═══ Data extracts
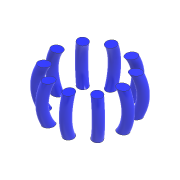
# Autodesk Inventor part: Roller_Gear
Saved by Autodesk Inventor 2022 (Build 260153000, 153)
## iProperties
Created: 2023-10-11
Part Number: Roller_Gear
Material: 一般
Document SubType Name: Modeling
Designer: JOU
Density: 1 g/cm^3
Appearance: 預設
Author: JOU
Autodesk Inventor part; units mm, degrees
ref_plane "YZ Plane" through (0, 0, 0) normal (1, 0, 0) x (0, 1, 0)
ref_plane "XY Plane" through (0, 0, 0) normal (0, 0, 1) x (1, 0, 0)
sketch "草圖1" plane through (0, 0, 0) normal (0, 0, 1) x (1, 0, 0)
  circle A0 centre (0, 0) radius 40
  dimension "d0" = 80
  constraints: 1 centre point, 1 coincident
  measures "d0" diameter of A0
sketch "草圖2" plane through (0, 0, 0) normal (0, 1, 0) x (-1, 0, 0)
  line L0 (40, 0) -> (-40, 0) projected
  circle A0 centre (40, 0) radius 5
  point P0 (0, 0)
  dimension "d1" = 10
  constraints: 1 centre point, 1 coincident
  measures "d1" diameter of A0
sketch "草圖2 outline for 掃掠1" plane through (0, 0, 0) normal (0, 1, 0) x (-1, 0, 0)
  circle A0 centre (40, 0) radius 5
sweep "掃掠1" add profiles "草圖2 outline for 掃掠1" path "草圖1"
pattern_circular "環形陣列1" count 5 over 360 about axis through (0, -10, 0) along (0, 1, 0)
ref_plane "工作平面1" through (0, 20, 0) normal (0, 1, 0) x (-1, 0, 0)
sketch "草圖5" plane through (0, 20, 0) normal (0, 1, 0) x (-1, 0, 0)
  circle A0 centre (0, 0) radius 45
  dimension "d8" = 90
  constraints: 1 centre point, 1 coincident
  measures "d8" diameter of A0
sketch "草圖5 outline for 擠出1" plane through (0, 20, 0) normal (0, 1, 0) x (-1, 0, 0)
  circle A0 centre (0, 0) radius 45
extrude "擠出1" cut sketch "草圖5 outline for 擠出1" along normal through all
mirror "鏡射1" about plane through (0, 0, 0) normal (0, 1, 0) of "擠出1"
Autodesk Fusion 360 part; units mm, degrees
(part 2 of 2)
  spline S369 degree 3 poles (-15.1942, 11.595) (-14.4543, 12.2873) (-14.1797, 12.9796) (-14.2633, 13.9224) knots 0 0 0 0 1 1 1 1
  spline S370 degree 3 poles (-14.2633, 13.9224) (-14.3946, 15.3547) (-15.6001, 16.4289) (-17.092, 16.4289) knots 0 0 0 0 1 1 1 1
  spline S371 degree 3 poles (-17.092, 16.4289) (-17.6291, 16.4289) (-18.7749, 15.7844) (-19.0733, 15.3189) knots 0 0 0 0 1 1 1 1
  spline S372 degree 3 poles (-19.0733, 15.3189) (-20.1355, 13.6837) (-19.4433, 11.6309) (-17.641, 11.058) knots 0 0 0 0 1 1 1 1
  spline S373 degree 3 poles (-17.641, 11.058) (-16.7403, 10.8043) (-15.715, 11.0847) (-15.1942, 11.595) knots 0 0 0 0 1 1 1 1
  spline S374 degree 3 poles (-66.0987, 20.2601) (-65.6691, 20.8688) (-65.5974, 21.4298) (-65.8361, 22.3369) knots 0 0 0 0 1 1 1 1
  spline S375 degree 3 poles (-65.8361, 22.3369) (-66.2061, 23.805) (-66.9461, 27.6482) (-67.161, 29.3191) knots 0 0 0 0 1 1 1 1
  spline S376 degree 3 poles (-67.161, 29.3191) (-67.2923, 30.2859) (-67.4474, 30.632) (-67.7577, 30.632) knots 0 0 0 0 1 1 1 1
  spline S377 degree 3 poles (-67.7577, 30.632) (-68.4142, 30.632) (-69.2497, 29.4265) (-69.2497, 28.4717) knots 0 0 0 0 1 1 1 1
  spline S378 degree 3 poles (-69.2497, 28.4717) (-69.2497, 27.9107) (-68.7364, 24.4733) (-68.5335, 23.5901) knots 0 0 0 0 1 1 1 1
  spline S379 degree 3 poles (-68.5335, 23.5901) (-68.3426, 22.8024) (-67.9368, 21.2388) (-67.7458, 20.5108) knots 0 0 0 0 1 1 1 1
  spline S380 degree 3 poles (-67.7458, 20.5108) (-67.6503, 20.1647) (-67.4594, 19.7708) (-67.3281, 19.6395) knots 0 0 0 0 1 1 1 1
  spline S381 degree 3 poles (-67.3281, 19.6395) (-67.1013, 19.4127) (-67.0774, 19.4127) (-66.7671, 19.5918) knots 0 0 0 0 1 1 1 1
  spline S382 degree 3 poles (-66.7671, 19.5918) (-66.5881, 19.6992) (-66.2897, 19.9976) (-66.0987, 20.2601) knots 0 0 0 0 1 1 1 1
  spline S383 degree 3 poles (-58.9494, 26.2159) (-58.0185, 26.3591) (-57.6127, 26.5978) (-57.4336, 27.123) knots 0 0 0 0 1 1 1 1
  spline S384 degree 3 poles (-57.4336, 27.123) (-57.171, 27.8988) (-57.5291, 28.2688) (-59.3314, 29.0685) knots 0 0 0 0 1 1 1 1
  spline S385 degree 3 poles (-59.3314, 29.0685) (-60.6084, 29.6294) (-60.9426, 29.6652) (-61.4917, 29.2833) knots 0 0 0 0 1 1 1 1
  spline S386 degree 3 poles (-61.4917, 29.2833) (-62.0884, 28.8894) (-62.351, 28.4478) (-62.4226, 27.7794) knots 0 0 0 0 1 1 1 1
  spline S387 degree 3 poles (-62.4226, 27.7794) (-62.4823, 27.0753) (-62.16, 26.4307) (-61.6349, 26.2278) knots 0 0 0 0 1 1 1 1
  spline S388 degree 3 poles (-61.6349, 26.2278) (-61.2171, 26.0727) (-59.9639, 26.0727) (-58.9494, 26.2159) knots 0 0 0 0 1 1 1 1
  spline S389 degree 3 poles (-19.3597, 26.3353) (-15.8984, 26.4427) (-15.0868, 26.5501) (-13.4159, 27.123) knots 0 0 0 0 1 1 1 1
  spline S390 degree 3 poles (-13.4159, 27.123) (-5.6927, 30.0385) (-15.6264, 35.7741) (-17.5933, 36.9697) knots 0 0 0 0 1 1 1 1
  spline S391 degree 3 poles (-17.5933, 36.9697) (-17.8678, 37.1487) (-19.8371, 38.3542) (-21.9497, 39.6552) knots 0 0 0 0 1 1 1 1
  spline S392 degree 3 poles (-21.9497, 39.6552) (-24.0742, 40.9681) (-26.0793, 42.1974) (-26.4255, 42.4003) knots 0 0 0 0 1 1 1 1
  spline S393 degree 3 poles (-26.4255, 42.4003) (-26.7716, 42.6032) (-28.0725, 43.379) (-29.3019, 44.1309) knots 0 0 0 0 1 1 1 1
  spline S394 degree 3 poles (-29.3019, 44.1309) (-30.5312, 44.8829) (-31.7725, 45.6229) (-32.047, 45.778) knots 0 0 0 0 1 1 1 1
  spline S395 degree 3 poles (-32.047, 45.778) (-32.6557, 46.1122) (-33.6464, 46.6851) (-35.5441, 47.7951) knots 0 0 0 0 1 1 1 1
  spline S396 degree 3 poles (-35.5441, 47.7951) (-38.3745, 49.7231) (-42.4002, 49.8932) (-44.7821, 48.2009) knots 0 0 0 0 1 1 1 1
  spline S397 degree 3 poles (-44.7821, 48.2009) (-45.6415, 47.5683) (-48.1837, 44.8709) (-50.2127, 42.4361) knots 0 0 0 0 1 1 1 1
  spline S398 degree 3 poles (-50.2127, 42.4361) (-50.7617, 41.7677) (-52.6714, 39.2016) (-53.3756, 38.1513) knots 0 0 0 0 1 1 1 1
  spline S399 degree 3 poles (-53.3756, 38.1513) (-53.8053, 37.5307) (-54.1753, 36.9936) (-54.2111, 36.9578) knots 0 0 0 0 1 1 1 1
  spline S400 degree 3 poles (-54.2111, 36.9578) (-54.2469, 36.922) (-54.3424, 36.7668) (-54.4378, 36.5997) knots 0 0 0 0 1 1 1 1
  spline S401 degree 3 poles (-54.4378, 36.5997) (-54.5333, 36.4326) (-54.8436, 35.8955) (-55.1301, 35.4062) knots 0 0 0 0 1 1 1 1
  spline S402 degree 3 poles (-55.1301, 35.4062) (-55.9536, 33.95) (-56.073, 32.673) (-55.512, 31.2049) knots 0 0 0 0 1 1 1 1
  spline S403 degree 3 poles (-55.512, 31.2049) (-54.7243, 29.1281) (-52.5759, 28.0778) (-48.0047, 27.5407) knots 0 0 0 0 1 1 1 1
  spline S404 degree 3 poles (-48.0047, 27.5407) (-39.6499, 26.562) (-27.9413, 26.0607) (-19.3597, 26.3353) knots 0 0 0 0 1 1 1 1
  spline S405 degree 3 poles (-63.9742, 31.2407) (-63.3655, 31.563) (-62.8046, 32.4343) (-62.7807, 33.1026) knots 0 0 0 0 1 1 1 1
  spline S406 degree 3 poles (-62.7807, 33.1026) (-62.7568, 33.4607) (-62.9597, 39.1181) (-63.0791, 41.6723) knots 0 0 0 0 1 1 1 1
  spline S407 degree 3 poles (-63.0791, 41.6723) (-63.1029, 42.0781) (-63.1507, 42.1616) (-63.3775, 42.1855) knots 0 0 0 0 1 1 1 1
  spline S408 degree 3 poles (-63.3775, 42.1855) (-63.9384, 42.269) (-64.8216, 41.4097) (-65.0842, 40.5265) knots 0 0 0 0 1 1 1 1
  spline S409 degree 3 poles (-65.0842, 40.5265) (-65.4303, 39.3568) (-65.3349, 35.3465) (-64.8813, 32.6133) knots 0 0 0 0 1 1 1 1
  spline S410 degree 3 poles (-64.8813, 32.6133) (-64.6307, 31.1214) (-64.5113, 30.9543) (-63.9742, 31.2407) knots 0 0 0 0 1 1 1 1
  spline S411 degree 3 poles (-59.1046, 34.9287) (-58.8539, 34.9287) (-58.2691, 35.7284) (-58.1617, 36.2416) knots 0 0 0 0 1 1 1 1
  spline S412 degree 3 poles (-58.1617, 36.2416) (-58.102, 36.54) (-58.0185, 37.7574) (-57.9707, 38.9629) knots 0 0 0 0 1 1 1 1
  spline S413 degree 3 poles (-57.9707, 38.9629) (-55.0055, 52.9367) (-60.0287, 51.9617) (-60.0594, 39.8939) knots 0 0 0 0 1 1 1 1
  spline S414 degree 3 poles (-60.0594, 39.8939) (-60.0475, 35.6091) (-59.9162, 34.6662) (-59.3672, 34.8691) knots 0 0 0 0 1 1 1 1
  spline S415 degree 3 poles (-59.3672, 34.8691) (-59.2717, 34.9049) (-59.1523, 34.9287) (-59.1046, 34.9287) knots 0 0 0 0 1 1 1 1
  spline S416 degree 3 poles (-53.483, 42.8897) (-53.0295, 43.1642) (-52.8504, 43.6535) (-52.5401, 45.4916) knots 0 0 0 0 1 1 1 1
  spline S417 degree 3 poles (-52.5401, 45.4916) (-47.8194, 56.8739) (-51.9428, 63.1533) (-54.1514, 48.6187) knots 0 0 0 0 1 1 1 1
  spline S418 degree 3 poles (-54.1514, 48.6187) (-54.4975, 46.3032) (-54.7004, 43.3551) (-54.5572, 42.9493) knots 0 0 0 0 1 1 1 1
  spline S419 degree 3 poles (-54.5572, 42.9493) (-54.4378, 42.6271) (-53.9843, 42.6032) (-53.483, 42.8897) knots 0 0 0 0 1 1 1 1
sketch "Sketch3" plane through (0, 0, 0) normal (0, 1, 0) x (1, 0, 0)
  circle A0 centre (-16.9405, 13.7) radius 2.65
  line L0 (-24.8905, 7.37) -> (-22.6383, 9.3908)
  line L1 (-24.4945, 12.3026) -> (-27.2771, 11.1137)
  arc A1 (-27.2771, 11.1137) -> (-24.8905, 7.37) centre (-26.3931, 9.0447) ccw
  arc A2 (-22.6383, 9.3908) -> (-24.4945, 12.3026) centre (-23.807, 10.6933) ccw
  line L2 (-60.0053, 29.4008) -> (-57.9336, 28.3794)
  line L3 (-60.4832, 26.1063) -> (-58.2067, 26.4969)
  arc A3 (-58.2067, 26.4969) -> (-57.9336, 28.3794) centre (-58.3758, 27.4825) ccw
  arc A4 (-60.0053, 29.4008) -> (-60.4832, 26.1063) centre (-60.7791, 27.8311) ccw
  line L4 (-66.9923, 29.5599) -> (-65.485, 21.1385)
  line L5 (-69.4532, 29.1195) -> (-67.9459, 20.698)
  line L6 (-63.025, 16.5893) -> (-64.9793, 2.8727)
  line L7 (-58.3449, -1.6991) -> (-24.4432, 17.0672)
  line L8 (-25.5471, 21.7521) -> (-55.2793, 23.0246)
  arc A5 (-24.4432, 17.0672) -> (-25.5471, 21.7521) centre (-25.654, 19.2544) ccw
  arc A6 (-55.2793, 23.0246) -> (-63.025, 16.5893) centre (-55.6, 15.5314) ccw
  arc A7 (-64.9793, 2.8727) -> (-58.3449, -1.6991) centre (-60.5243, 2.2379) ccw
  arc A8 (-66.9923, 29.5599) -> (-69.4532, 29.1195) centre (-68.2228, 29.3397) ccw
  arc A9 (-67.9459, 20.698) -> (-65.485, 21.1385) centre (-66.7155, 20.9182) ccw
  line L9 (-14.8187, 9.7316) -> (-21.3854, 6.2205)
  line L10 (-18.1944, 18.2109) -> (-16.902, 18.1998)
  arc A10 (-14.8187, 9.7316) -> (-16.902, 18.1998) centre (-16.9405, 13.7) ccw
  line L11 (-59.106, -8.2167) -> (-32.5692, 5.579)
  line L12 (-29.2713, 2.0763) -> (-49.4618, -31.6353)
  line L13 (-57.5245, -30.9331) -> (-62.6501, -17.5544)
  line L14 (-70.8774, 23.2307) -> (-66.9031, 10.8336)
  line L15 (-73.2581, 22.4675) -> (-69.2838, 10.0704)
  line L16 (-68.0088, 1.6737) -> (-73.8434, 13.4497)
  line L17 (-76.0835, 12.3397) -> (-70.2489, 0.5638)
  line L18 (-74.8007, 3.5823) -> (-70.4064, -3.84)
  line L19 (-72.5576, -5.1137) -> (-76.9519, 2.3086)
  line L20 (-15.8372, -7.9675) -> (-16.0798, -15.41)
  arc A11 (-15.8372, -7.9675) -> (-24.2125, -5.5377) centre (-20.3348, -7.8209) ccw
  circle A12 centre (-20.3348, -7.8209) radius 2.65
══════
All lines in the entries above that include "measures" should be found and copied.

  measures "d0" diameter of A0
  measures "d1" diameter of A0
  measures "d8" diameter of A0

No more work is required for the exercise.